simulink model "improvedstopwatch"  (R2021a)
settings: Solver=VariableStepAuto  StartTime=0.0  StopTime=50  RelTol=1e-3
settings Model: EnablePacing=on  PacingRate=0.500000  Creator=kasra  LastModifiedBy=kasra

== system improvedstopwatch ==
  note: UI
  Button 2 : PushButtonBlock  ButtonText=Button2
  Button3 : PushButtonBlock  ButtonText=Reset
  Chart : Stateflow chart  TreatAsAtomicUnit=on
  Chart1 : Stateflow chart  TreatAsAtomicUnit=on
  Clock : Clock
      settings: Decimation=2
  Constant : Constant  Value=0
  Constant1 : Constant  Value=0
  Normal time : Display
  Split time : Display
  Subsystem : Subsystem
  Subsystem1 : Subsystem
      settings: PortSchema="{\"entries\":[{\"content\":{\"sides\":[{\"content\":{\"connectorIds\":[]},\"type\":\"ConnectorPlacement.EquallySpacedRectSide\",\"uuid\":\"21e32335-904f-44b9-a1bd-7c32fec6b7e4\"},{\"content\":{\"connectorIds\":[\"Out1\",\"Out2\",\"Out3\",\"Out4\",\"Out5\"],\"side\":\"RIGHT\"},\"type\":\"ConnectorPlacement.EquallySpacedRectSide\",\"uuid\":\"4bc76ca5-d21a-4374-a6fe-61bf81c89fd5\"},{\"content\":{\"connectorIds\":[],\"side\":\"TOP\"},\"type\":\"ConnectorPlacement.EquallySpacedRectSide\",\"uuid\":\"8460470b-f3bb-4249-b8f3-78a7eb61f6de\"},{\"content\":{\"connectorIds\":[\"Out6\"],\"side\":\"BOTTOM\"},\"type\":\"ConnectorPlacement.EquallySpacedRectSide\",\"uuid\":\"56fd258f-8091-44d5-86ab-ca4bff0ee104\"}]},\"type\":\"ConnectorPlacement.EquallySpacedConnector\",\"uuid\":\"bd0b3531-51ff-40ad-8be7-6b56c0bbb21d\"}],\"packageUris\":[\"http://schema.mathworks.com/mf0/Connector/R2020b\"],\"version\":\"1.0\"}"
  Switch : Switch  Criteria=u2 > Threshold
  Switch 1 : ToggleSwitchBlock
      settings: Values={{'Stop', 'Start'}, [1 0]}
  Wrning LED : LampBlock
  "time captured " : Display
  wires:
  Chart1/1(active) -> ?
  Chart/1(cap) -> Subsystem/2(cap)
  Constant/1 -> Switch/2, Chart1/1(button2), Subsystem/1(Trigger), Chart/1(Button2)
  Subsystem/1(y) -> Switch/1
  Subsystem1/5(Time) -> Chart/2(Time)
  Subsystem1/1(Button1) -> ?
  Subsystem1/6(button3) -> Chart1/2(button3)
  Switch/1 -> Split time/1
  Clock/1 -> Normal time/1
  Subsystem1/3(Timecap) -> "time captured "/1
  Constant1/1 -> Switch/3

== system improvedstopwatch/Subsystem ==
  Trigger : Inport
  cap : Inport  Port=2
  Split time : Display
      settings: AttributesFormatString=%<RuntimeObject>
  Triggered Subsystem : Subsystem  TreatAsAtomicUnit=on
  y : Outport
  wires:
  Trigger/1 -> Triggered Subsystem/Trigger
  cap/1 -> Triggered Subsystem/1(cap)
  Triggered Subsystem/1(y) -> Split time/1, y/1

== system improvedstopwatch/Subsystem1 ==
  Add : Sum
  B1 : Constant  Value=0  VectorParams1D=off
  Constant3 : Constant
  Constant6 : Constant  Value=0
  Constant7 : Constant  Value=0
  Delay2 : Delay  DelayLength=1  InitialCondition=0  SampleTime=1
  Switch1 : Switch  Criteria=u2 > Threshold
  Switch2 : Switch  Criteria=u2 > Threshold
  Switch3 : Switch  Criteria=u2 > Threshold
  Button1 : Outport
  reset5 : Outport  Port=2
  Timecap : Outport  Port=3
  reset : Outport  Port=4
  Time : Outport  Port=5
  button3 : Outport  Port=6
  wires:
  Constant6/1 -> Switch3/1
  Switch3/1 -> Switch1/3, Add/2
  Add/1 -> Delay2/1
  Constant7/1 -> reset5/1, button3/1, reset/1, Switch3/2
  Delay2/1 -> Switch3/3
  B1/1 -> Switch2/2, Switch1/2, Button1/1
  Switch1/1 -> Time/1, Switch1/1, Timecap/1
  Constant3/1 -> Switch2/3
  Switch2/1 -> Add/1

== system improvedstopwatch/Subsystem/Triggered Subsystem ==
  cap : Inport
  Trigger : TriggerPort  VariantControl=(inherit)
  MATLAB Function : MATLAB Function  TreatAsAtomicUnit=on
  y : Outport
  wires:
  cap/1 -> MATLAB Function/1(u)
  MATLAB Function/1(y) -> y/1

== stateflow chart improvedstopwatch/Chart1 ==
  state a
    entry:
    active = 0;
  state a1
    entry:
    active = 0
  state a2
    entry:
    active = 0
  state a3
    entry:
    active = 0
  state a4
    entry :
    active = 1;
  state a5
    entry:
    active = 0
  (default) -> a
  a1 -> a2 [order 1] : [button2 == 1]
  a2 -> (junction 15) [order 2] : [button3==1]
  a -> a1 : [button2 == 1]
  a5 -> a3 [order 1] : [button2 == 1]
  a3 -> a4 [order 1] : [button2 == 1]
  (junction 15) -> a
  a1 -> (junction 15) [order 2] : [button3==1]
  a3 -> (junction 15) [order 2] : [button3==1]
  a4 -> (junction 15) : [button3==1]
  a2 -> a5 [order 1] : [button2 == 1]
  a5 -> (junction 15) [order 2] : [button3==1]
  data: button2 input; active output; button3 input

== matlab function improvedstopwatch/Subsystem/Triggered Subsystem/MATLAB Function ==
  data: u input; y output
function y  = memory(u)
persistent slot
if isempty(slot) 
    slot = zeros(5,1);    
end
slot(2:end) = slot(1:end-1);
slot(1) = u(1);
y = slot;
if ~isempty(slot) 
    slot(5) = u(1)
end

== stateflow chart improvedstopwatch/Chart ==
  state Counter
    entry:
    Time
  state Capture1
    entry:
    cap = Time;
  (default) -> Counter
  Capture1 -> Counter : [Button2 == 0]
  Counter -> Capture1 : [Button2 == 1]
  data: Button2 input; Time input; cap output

· · · ·

• [EXERCISE] Every line containing the string "slot" in the entries should be counted; give the resulting number and nothing else.

• [WORKED SOLUTION] 8